Llegué apresurado de mi oficina para ver la cara de satisfacción de mi hijo por haber podido cumplir. Estaba haciendo tareas, pero me sorprendió no ver reacción alguna en su rostro.
—La maestra preguntó quién había conseguido el sapo y yo fui el único. Entonces quedó aplazada para el miércoles.
—¿Cómo es posible? ¿Después de esta odisea? ¿Entonces qué hacemos?
—Tranquilo papi. Yo lo puse en el baño en un tazón. Y le llevé pasto y lechuga para que tenga comida. El baño quedó bien cerrado para que no se vuele.

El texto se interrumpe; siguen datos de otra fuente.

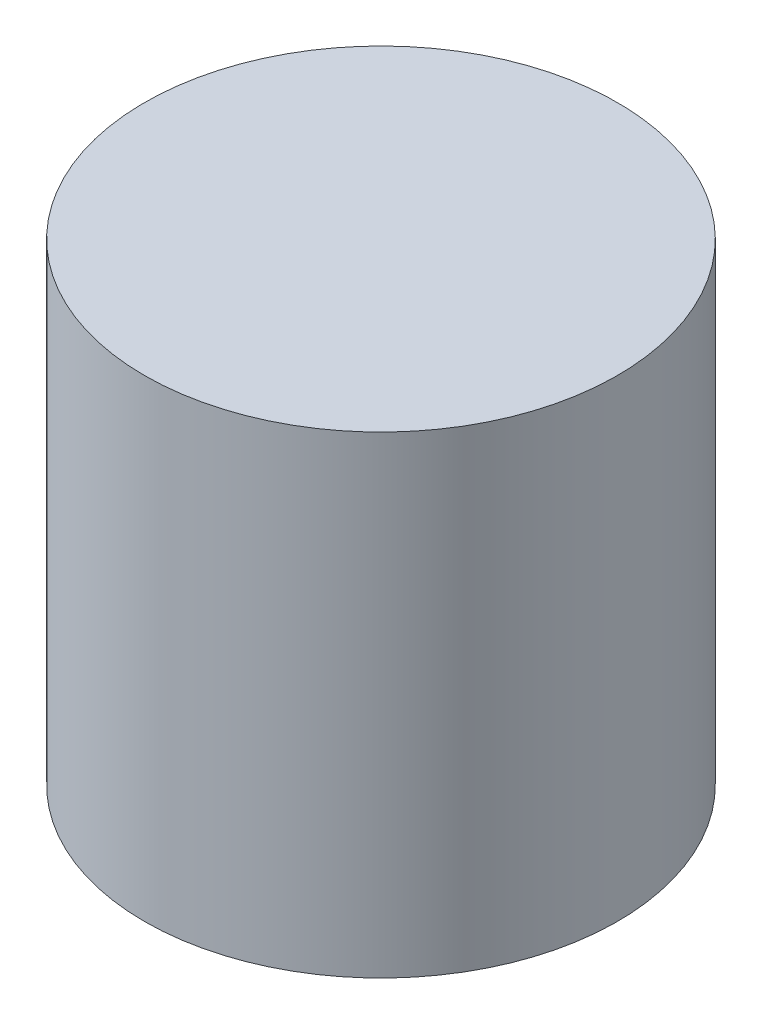
SolidWorks part; units mm, degrees
ref_plane "Front Plane" through (0, 0, 0) normal (0, 0, 1) x (1, 0, 0)
ref_plane "Top Plane" through (0, 0, 0) normal (0, 1, 0) x (1, 0, 0)
ref_plane "Right Plane" through (0, 0, 0) normal (1, 0, 0) x (0, 0, -1)
sketch "Sketch1" plane through (0, 0, 0) normal (0, 1, 0) x (1, 0, 0)
  circle A0 centre (0, 0) radius 3.5
  dimension "D1" = 7
extrude "Boss-Extrude1" add sketch "Sketch1" along normal blind 7

Yo hice fuerza durante los tres días, pero no me atreví a abrir el baño por temor a la fuga.
Llegó el día señalado. Ansioso regresé en la tarde para ver qué había pasado. De entrada observé la cara de desconsuelo de José Miguel.
—No papi. El sapo murió en el camino al colegio. Todos llevaron bien la tarea. A mí la profesora me perdonó una mala nota por el esfuerzo, pero me anotó una amonestación por cumplimiento defectuoso.
Esta sería una historia anodina, pero si se mira en contexto tiene mucho que ver con los estándares sociales. Lo estrictamente razonable era haber calificado la tarea el primer día favoreciendo al único que cumplió. Pero entre nosotros impera la medianía. No es el único caso en el que quien se esfuerza por ajustarse a la norma ve cómo su empeño resulta inútil si se separa de la manada. La moraleja para un niño es que es preferible ir con la masa, con la inercia. Muchas veces los estudiantes que se esmeran son calificados de “sapos”. La sapería es tratar de buscar la excelencia.
Por eso titulé esta pequeña historia así. Aquí perdieron los dos, porque el noble anuro no resistió la medida de aseguramiento domiciliaria.